BUG #17793: Query with large number of joins crashes PostgreSQL - Mailing list pgsql-bugs

From PG Bug reporting form
Subject BUG #17793: Query with large number of joins crashes PostgreSQL
Date
Msg-id 17793-21fa598adbc21118@postgresql.org
Whole thread Raw
Responses Re: BUG #17793: Query with large number of joins crashes PostgreSQL
List pgsql-bugs
The following bug has been logged on the website:

Bug reference:      17793
Logged by:          Tom
Email address:      tom@quist.de
PostgreSQL version: 13.10
Operating system:   Debian 10.2.1-6 (Docker image postgres:13.10)
Description:

Hey,

we had a unit test that produced a similar query to the following one and
caused Postgres to crash and reinitialize with automatic recovery:
https://gist.github.com/tomquist/a58b62d1a15ce99a67657ed636129e9b

These are the client logs:
server closed the connection unexpectedly
    This probably means the server terminated abnormally
    before or while processing the request.
The connection to the server was lost. Attempting reset: Failed.

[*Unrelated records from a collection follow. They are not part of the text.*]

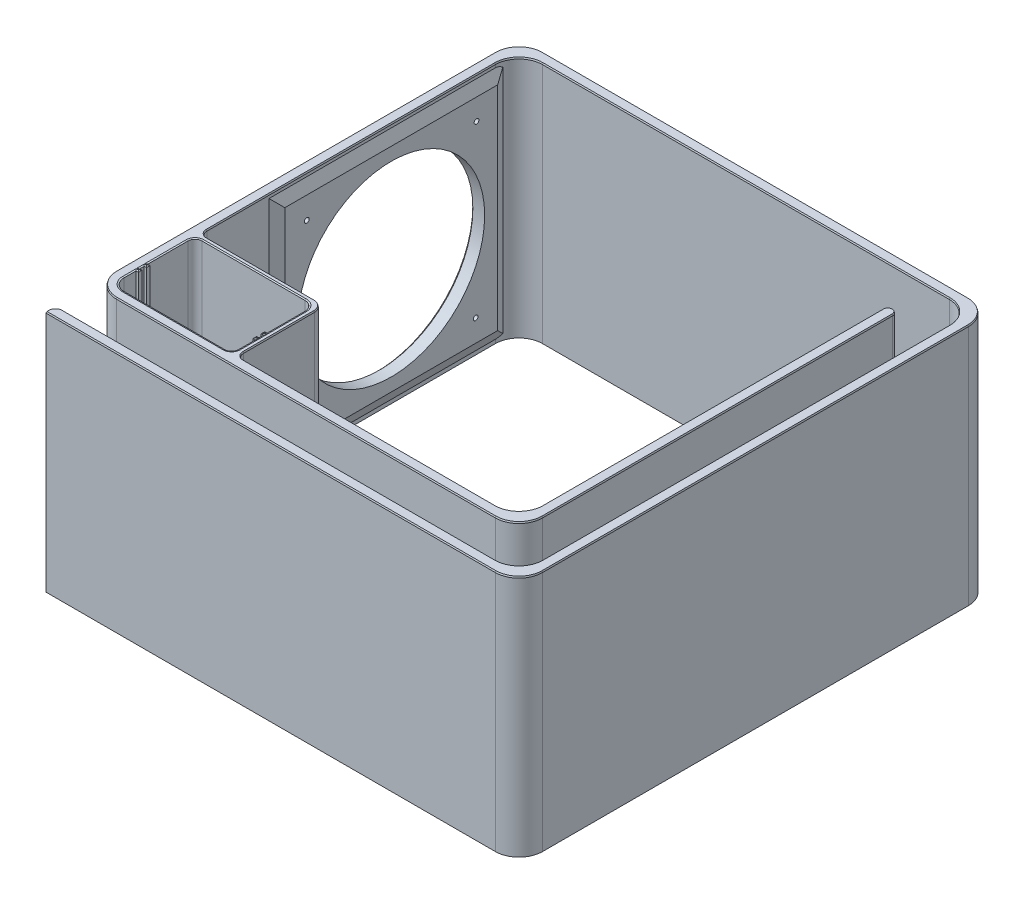
from build123d import *
from OCP.BRepFilletAPI import BRepFilletAPI_MakeChamfer

# Parameters (mm, degrees)
BOSS_EXTRUDE1_DEPTH = 103
CUT_EXTRUDE1_REACH  = 248.189
SKETCH2_R           = 39.5
SKETCH2_R_2         = 1
SKETCH3_W           = 90
SKETCH3_H           = 90
SKETCH3_R           = 39.5
BOSS_EXTRUDE2_DEPTH = 2
CUT_EXTRUDE2_REACH  = 244.951
SKETCH6_R           = 1
CHAMFER4_SIZE       = 1
CHAMFER5_SIZE       = 0.2
CHAMFER5_SIZE2      = 0.615536707
CUT_EXTRUDE3_REACH  = 248.189
FILLET1_R           = 0.4
CUT_EXTRUDE4_REACH  = 204.981


# Some blends are built 0.0001 mm under size
with BuildPart() as part:
    # Sketch1 → Boss-Extrude1 (new body)
    with BuildSketch(Plane(origin=(0, 0, 0), x_dir=(1, 0, 0), z_dir=(0, 1, 0))):
        with BuildLine():
            Line((-100, 90), (-100, -70.2))
            ThreePointArc((-100, -70.2), (-97.129646456, -77.129646456), (-90.2, -80))
            Line((-90.2, -80), (70, -80))
            ThreePointArc((70, -80), (77.071067812, -77.071067812), (80, -70))
            Line((80, -70), (80, 78))
            ThreePointArc((80, 78), (78, 80), (76, 78))
            Line((76, 78), (76, -66))
            ThreePointArc((76, -66), (73.071067812, -73.071067812), (66, -76))
            Line((66, -76), (-40.5, -76))
            ThreePointArc((-40.5, -76), (-42.621320344, -75.121320344), (-43.5, -73))
            Line((-43.5, -73), (-43.5, -43))
            ThreePointArc((-43.5, -43), (-44.671572875, -40.171572875), (-47.5, -39))
            Line((-47.5, -39), (-93, -39))
            ThreePointArc((-93, -39), (-95.121320344, -38.121320344), (-96, -36))
            Line((-96, -36), (-96, 86))
            ThreePointArc((-96, 86), (-93.071067812, 93.071067812), (-86, 96))
            Line((-86, 96), (86, 96))
            ThreePointArc((86, 96), (93.071067812, 93.071067812), (96, 86))
            Line((96, 86), (96, -86))
            ThreePointArc((96, -86), (93.071067812, -93.071067812), (86, -96))
            Line((86, -96), (-97, -96))
            ThreePointArc((-97, -96), (-99.121320344, -96.878679656), (-100, -99))
            Line((-100, -99), (-100, -100))
            Line((-100, -100), (90, -100))
            ThreePointArc((90, -100), (97.071067812, -97.071067812), (100, -90))
            Line((100, -90), (100, 90))
            ThreePointArc((100, 90), (97.071067812, 97.071067812), (90, 100))
            Line((90, 100), (-90, 100))
            ThreePointArc((-90, 100), (-97.071067812, 97.071067812), (-100, 90))
        make_face()
        with BuildLine():
            Line((-91, -76), (-48.5, -76))
            ThreePointArc((-48.5, -76), (-46.378679656, -75.121320344), (-45.5, -73))
            Line((-45.5, -73), (-45.5, -65.9))
            Line((-45.5, -65.9), (-46.5, -65.9))
            Line((-46.5, -65.9), (-46.5, -64.4))
            Line((-46.5, -64.4), (-45.5, -64.4))
            Line((-45.5, -64.4), (-45.5, -62.5))
            Line((-45.5, -62.5), (-46.5, -62.5))
            Line((-46.5, -62.5), (-46.5, -61))
            Line((-46.5, -61), (-45.5, -61))
            Line((-45.5, -61), (-45.5, -45))
            ThreePointArc((-45.5, -45), (-46.671572875, -42.171572875), (-49.5, -41))
            Line((-49.5, -41), (-93, -41))
            ThreePointArc((-93, -41), (-95.121320344, -41.878679656), (-96, -44))
            Line((-96, -44), (-96, -61))
            Line((-96, -61), (-95, -61))
            Line((-95, -61), (-95, -62.5))
            Line((-95, -62.5), (-96, -62.5))
            Line((-96, -62.5), (-96, -64.4))
            Line((-96, -64.4), (-95, -64.4))
            Line((-95, -64.4), (-95, -65.9))
            Line((-95, -65.9), (-96, -65.9))
            Line((-96, -65.9), (-96, -71))
            ThreePointArc((-96, -71), (-94.535533906, -74.535533906), (-91, -76))
        make_face(mode=Mode.SUBTRACT)
    extrude(amount=BOSS_EXTRUDE1_DEPTH)

    # Sketch2 → Cut-Extrude1 (cut, up to next)
    with BuildSketch(Plane.ZY.offset(100), mode=Mode.PRIVATE) as cut_extrude1_sk1:
        with Locations((-40, 51.5)):
            Circle(SKETCH2_R)
    cut_extrude1_tool1 = extrude(cut_extrude1_sk1.sketch, amount=-CUT_EXTRUDE1_REACH, mode=Mode.PRIVATE) & part.part
    # Sketch2 → Cut-Extrude1 (cut, up to next)
    with BuildSketch(Plane.ZY.offset(100), mode=Mode.PRIVATE) as cut_extrude1_sk2:
        with Locations((-4.29110755, 15.79110755)):
            Circle(SKETCH2_R_2)
    cut_extrude1_tool2 = extrude(cut_extrude1_sk2.sketch, amount=-CUT_EXTRUDE1_REACH, mode=Mode.PRIVATE) & part.part
    # Sketch2 → Cut-Extrude1 (cut, up to next)
    with BuildSketch(Plane.ZY.offset(100), mode=Mode.PRIVATE) as cut_extrude1_sk3:
        with Locations((-76.062445841, 87.562445841)):
            Circle(SKETCH2_R_2)
    cut_extrude1_tool3 = extrude(cut_extrude1_sk3.sketch, amount=-CUT_EXTRUDE1_REACH, mode=Mode.PRIVATE) & part.part
    # Sketch2 → Cut-Extrude1 (cut, up to next)
    with BuildSketch(Plane.ZY.offset(100), mode=Mode.PRIVATE) as cut_extrude1_sk4:
        with Locations((-4.29110755, 87.20889245)):
            Circle(SKETCH2_R_2)
    cut_extrude1_tool4 = extrude(cut_extrude1_sk4.sketch, amount=-CUT_EXTRUDE1_REACH, mode=Mode.PRIVATE) & part.part
    # Sketch2 → Cut-Extrude1 (cut, up to next)
    with BuildSketch(Plane.ZY.offset(100), mode=Mode.PRIVATE) as cut_extrude1_sk5:
        with Locations((-75.70889245, 15.79110755)):
            Circle(SKETCH2_R_2)
    cut_extrude1_tool5 = extrude(cut_extrude1_sk5.sketch, amount=-CUT_EXTRUDE1_REACH, mode=Mode.PRIVATE) & part.part
    add(cut_extrude1_tool1.solids().sort_by_distance((-100, 51.5, -40))[0], mode=Mode.SUBTRACT)
    add(cut_extrude1_tool2.solids().sort_by_distance((-100, 15.791108, -4.291108))[0], mode=Mode.SUBTRACT)
    add(cut_extrude1_tool3.solids().sort_by_distance((-100, 87.562446, -76.062446))[0], mode=Mode.SUBTRACT)
    add(cut_extrude1_tool4.solids().sort_by_distance((-100, 87.208892, -4.291108))[0], mode=Mode.SUBTRACT)
    add(cut_extrude1_tool5.solids().sort_by_distance((-100, 15.791108, -75.708892))[0], mode=Mode.SUBTRACT)

    # Sketch3 → Boss-Extrude2 (add)
    with BuildSketch(Plane(origin=(-96, 0, 0), x_dir=(0, 0, -1), z_dir=(1, 0, 0))):
        with Locations((40, 51.5)):
            Rectangle(SKETCH3_W, SKETCH3_H)
        with Locations(Location((40, 51.5, 0), (0, 0, 180))):
            Circle(SKETCH3_R, mode=Mode.SUBTRACT)
    extrude(amount=BOSS_EXTRUDE2_DEPTH)

    # Chamfer1
    # the kernel refuses this chamfer: 4.711704732, 2 mm, written as the material it adds along each edge
    with BuildSketch(Plane(origin=(-96, 6.5, 5), x_dir=(-0.015072497429862344, -0.9998864034585262, 0), z_dir=(0, 0, -1))) as chamfer1_piece_1_section:
        with BuildLine():
            Line((4.885745618, 0), (-0.204721115, -2.070789964))
            Line((-0.204721115, -2.070789964), (-0.298944505, -2.069369621))
            ThreePointArc((-0.298944505, -2.069369621), (-0.10985086, -1.035282072), (-0.09422339, 0.001420343))
            Line((-0.09422339, 0.001420343), (0.001420343, 0.09422339))
            ThreePointArc((0.001420343, 0.09422339), (2.44373818, 0.057407378), (4.887165962, 0.09422339))
            Line((4.887165962, 0.09422339), (4.885745618, 0))
        make_face()
    chamfer1_piece_1 = extrude(amount=90, mode=Mode.PRIVATE)
    chamfer1_piece_1 = split(chamfer1_piece_1, bisect_by=Plane(origin=(-94, 4.895620151, -40), z_dir=(-1, 0, 0)), keep=Keep.TOP, mode=Mode.PRIVATE)
    add(chamfer1_piece_1)
    with BuildSketch(Plane(origin=(-96, 96.5, 5), x_dir=(-0.015072497429862348, 0, 0.9998864034585262), z_dir=(0, -1, 0))) as chamfer1_piece_2_section:
        with BuildLine():
            Line((4.885745618, 0), (-0.204721115, -2.070789964))
            Line((-0.204721115, -2.070789964), (-0.298944505, -2.069369621))
            ThreePointArc((-0.298944505, -2.069369621), (-0.10985086, -1.035282072), (-0.09422339, 0.001420343))
            Line((-0.09422339, 0.001420343), (0.001420343, 0.09422339))
            ThreePointArc((0.001420343, 0.09422339), (2.44373818, 0.057407378), (4.887165962, 0.09422339))
            Line((4.887165962, 0.09422339), (4.885745618, 0))
        make_face()
    chamfer1_piece_2 = extrude(amount=90, mode=Mode.PRIVATE)
    chamfer1_piece_2 = split(chamfer1_piece_2, bisect_by=Plane(origin=(-94, 51.5, 6.604379849), z_dir=(-1, 0, 0)), keep=Keep.TOP, mode=Mode.PRIVATE)
    add(chamfer1_piece_2)
    with BuildSketch(Plane(origin=(-96, 96.5, -85), x_dir=(-0.015072497429859466, 0.9998864034585264, 0), z_dir=(0, 0, 1))) as chamfer1_piece_3_section:
        with BuildLine():
            Line((4.885745618, 0), (-0.204721115, -2.070789964))
            Line((-0.204721115, -2.070789964), (-0.298944505, -2.069369621))
            ThreePointArc((-0.298944505, -2.069369621), (-0.10985086, -1.035282072), (-0.09422339, 0.001420343))
            Line((-0.09422339, 0.001420343), (0.001420343, 0.09422339))
            ThreePointArc((0.001420343, 0.09422339), (2.44373818, 0.057407378), (4.887165962, 0.09422339))
            Line((4.887165962, 0.09422339), (4.885745618, 0))
        make_face()
    chamfer1_piece_3 = extrude(amount=90, mode=Mode.PRIVATE)
    chamfer1_piece_3 = split(chamfer1_piece_3, bisect_by=Plane(origin=(-94, 98.104379849, -40), z_dir=(-1, 0, 0)), keep=Keep.TOP, mode=Mode.PRIVATE)
    add(chamfer1_piece_3)
    with BuildSketch(Plane(origin=(-96, 6.5, -85), x_dir=(-0.015072497429859423, 0, -0.9998864034585264), z_dir=(0, 1, 0))) as chamfer1_piece_4_section:
        with BuildLine():
            Line((4.885745618, 0), (-0.204721115, -2.070789964))
            Line((-0.204721115, -2.070789964), (-0.298944505, -2.069369621))
            ThreePointArc((-0.298944505, -2.069369621), (-0.10985086, -1.035282072), (-0.09422339, 0.001420343))
            Line((-0.09422339, 0.001420343), (0.001420343, 0.09422339))
            ThreePointArc((0.001420343, 0.09422339), (2.44373818, 0.057407378), (4.887165962, 0.09422339))
            Line((4.887165962, 0.09422339), (4.885745618, 0))
        make_face()
    chamfer1_piece_4 = extrude(amount=90, mode=Mode.PRIVATE)
    chamfer1_piece_4 = split(chamfer1_piece_4, bisect_by=Plane(origin=(-94, 51.5, -86.604379849), z_dir=(-1, 0, 0)), keep=Keep.TOP, mode=Mode.PRIVATE)
    add(chamfer1_piece_4)
    with BuildSketch(Plane(origin=(-96, 96.5, 5), x_dir=(-0.015072497429862348, 0, 0.9998864034585262), z_dir=(0, -1, 0))) as chamfer1_piece_5a_section:
        with BuildLine():
            Line((4.885745618, 0), (-0.204721115, -2.070789964))
            Line((-0.204721115, -2.070789964), (-0.298944505, -2.069369621))
            ThreePointArc((-0.298944505, -2.069369621), (-0.10985086, -1.035282072), (-0.09422339, 0.001420343))
            Line((-0.09422339, 0.001420343), (0.001420343, 0.09422339))
            ThreePointArc((0.001420343, 0.09422339), (2.44373818, 0.057407378), (4.887165962, 0.09422339))
            Line((4.887165962, 0.09422339), (4.885745618, 0))
        make_face()
    chamfer1_piece_5a = extrude(amount=102.214364046, mode=Mode.PRIVATE)
    chamfer1_piece_5a = split(chamfer1_piece_5a, bisect_by=Plane(origin=(-95.378057089, 0, 6.604379849), z_dir=(0, 1, 0)), keep=Keep.TOP, mode=Mode.PRIVATE)
    chamfer1_piece_5a = split(chamfer1_piece_5a, bisect_by=Plane(origin=(-95.378057089, 6.5, 6.604379849), z_dir=(0, -1, 0)), keep=Keep.TOP, mode=Mode.PRIVATE)
    chamfer1_piece_5a = split(chamfer1_piece_5a, bisect_by=Plane(origin=(-94, 3.25, 6.604379849), z_dir=(-1, 0, 0)), keep=Keep.TOP, mode=Mode.PRIVATE)
    with BuildSketch(Plane(origin=(-96, 6.5, 17.214364046), x_dir=(-0.015072497429862344, -0.9998864034585262, 0), z_dir=(0, 0, -1))) as chamfer1_piece_5b_section:
        with BuildLine():
            Line((4.885745618, 0), (-0.204721115, -2.070789964))
            Line((-0.204721115, -2.070789964), (-0.298944505, -2.069369621))
            ThreePointArc((-0.298944505, -2.069369621), (-0.10985086, -1.035282072), (-0.09422339, 0.001420343))
            Line((-0.09422339, 0.001420343), (0.001420343, 0.09422339))
            ThreePointArc((0.001420343, 0.09422339), (2.44373818, 0.057407378), (4.887165962, 0.09422339))
            Line((4.887165962, 0.09422339), (4.885745618, 0))
        make_face()
    chamfer1_piece_5b = extrude(amount=102.214364046, mode=Mode.PRIVATE)
    chamfer1_piece_5b = split(chamfer1_piece_5b, bisect_by=Plane(origin=(-95.378057089, 4.895620151, 5), z_dir=(0, 0, 1)), keep=Keep.TOP, mode=Mode.PRIVATE)
    chamfer1_piece_5b = split(chamfer1_piece_5b, bisect_by=Plane(origin=(-94, 4.895620151, 11.107182023), z_dir=(-1, 0, 0)), keep=Keep.TOP, mode=Mode.PRIVATE)
    chamfer1_piece_5 = chamfer1_piece_5a & chamfer1_piece_5b
    add(chamfer1_piece_5)
    with BuildSketch(Plane(origin=(-96, -5.714364046, -85), x_dir=(-0.015072497429862372, 0, -0.9998864034585262), z_dir=(0, 1, 0))) as chamfer1_piece_6a_section:
        with BuildLine():
            Line((4.885745618, 0), (-0.204721115, -2.070789964))
            Line((-0.204721115, -2.070789964), (-0.298944505, -2.069369621))
            ThreePointArc((-0.298944505, -2.069369621), (-0.10985086, -1.035282072), (-0.09422339, 0.001420343))
            Line((-0.09422339, 0.001420343), (0.001420343, 0.09422339))
            ThreePointArc((0.001420343, 0.09422339), (2.44373818, 0.057407378), (4.887165962, 0.09422339))
            Line((4.887165962, 0.09422339), (4.885745618, 0))
        make_face()
    chamfer1_piece_6a = extrude(amount=102.214364046, mode=Mode.PRIVATE)
    chamfer1_piece_6a = split(chamfer1_piece_6a, bisect_by=Plane(origin=(-95.378057089, 0, -86.604379849), z_dir=(0, 1, 0)), keep=Keep.TOP, mode=Mode.PRIVATE)
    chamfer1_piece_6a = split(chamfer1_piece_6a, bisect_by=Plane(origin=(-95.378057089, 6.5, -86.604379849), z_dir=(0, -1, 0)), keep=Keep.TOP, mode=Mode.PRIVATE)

These are the server logs when the crash happens:
2023-02-14 09:17:31.440 UTC [1] LOG:  server process (PID 35) was terminated
by signal 9: Killed
2023-02-14 09:17:31.440 UTC [1] DETAIL:  Failed process was running: with
app_user as (select 'a' as id, 'organizationId' as organization_id,
'Africa/Abidjan' as timezone),
    employee as (select 'a' as id, 'organizationId' as organization_id, 'a' as
user_id, 'a' as manager_id)
    SELECT DISTINCT app_user.id FROM app_user LEFT OUTER JOIN employee AS
employee_1 ON 
    employee_1.user_id = app_user.id LEFT OUTER JOIN employee AS
manager_employee_1 ON (employee_1.manager_id = manager_employee_1.id AND
manager_employee_1.user_id IN (SELECT app_user.id FROM app_user WHERE
(app_user.timezone = 'Africa/Abidjan' AND app_user.organization_id =
'organizationId')))
     LEFT OUTER JOIN employee AS employee_2 ON 
    employee_2.user_id = app_user.id LEFT OUTER JOIN employee AS
manager_employee_2 ON (employee_2.manager_id = manager_employee_2.id AND
manager_employee_2.user_id IN (SELECT app_user.id FROM app_user WHERE
(app_user.timezone = 'Africa/Algiers' AND app_user.organization_id =
'organizationId')))
     LEFT OUTER JOIN employee AS employee_3 ON 
    employee_3.user_id = app_user.id LEFT OUTER JOIN employee
2023-02-14 09:17:31.442 UTC [1] LOG:  terminating any other active server
processes
2023-02-14 09:17:31.446 UTC [32] WARNING:  terminating connection because of
crash of another server process
2023-02-14 09:17:31.446 UTC [32] DETAIL:  The postmaster has commanded this
server process to roll back the current transaction and exit, because
another server process exited abnormally and possibly corrupted shared
memory.
2023-02-14 09:17:31.446 UTC [32] HINT:  In a moment you should be able to
reconnect to the database and repeat your command.
2023-02-14 09:17:31.461 UTC [37] FATAL:  the database system is in recovery
mode
2023-02-14 09:17:31.522 UTC [1] LOG:  all server processes terminated;
reinitializing
2023-02-14 09:17:31.546 UTC [38] LOG:  database system was interrupted; last
known up at 2023-02-14 09:16:05 UTC
2023-02-14 09:17:31.779 UTC [38] LOG:  database system was not properly shut
down; automatic recovery in progress
2023-02-14 09:17:31.781 UTC [38] LOG:  redo starts at 0/15D7070
2023-02-14 09:17:31.782 UTC [38] LOG:  invalid record length at 0/15D70A8:
wanted 24, got 0
2023-02-14 09:17:31.782 UTC [38] LOG:  redo done at 0/15D7070
2023-02-14 09:17:31.791 UTC [1] LOG:  database system is ready to accept
connections

It looks like the OS is killing the process due to running OOM, which is not
very surprising when looking at the query. Is this expected, or should PG
have guards in place to prevent this from happening?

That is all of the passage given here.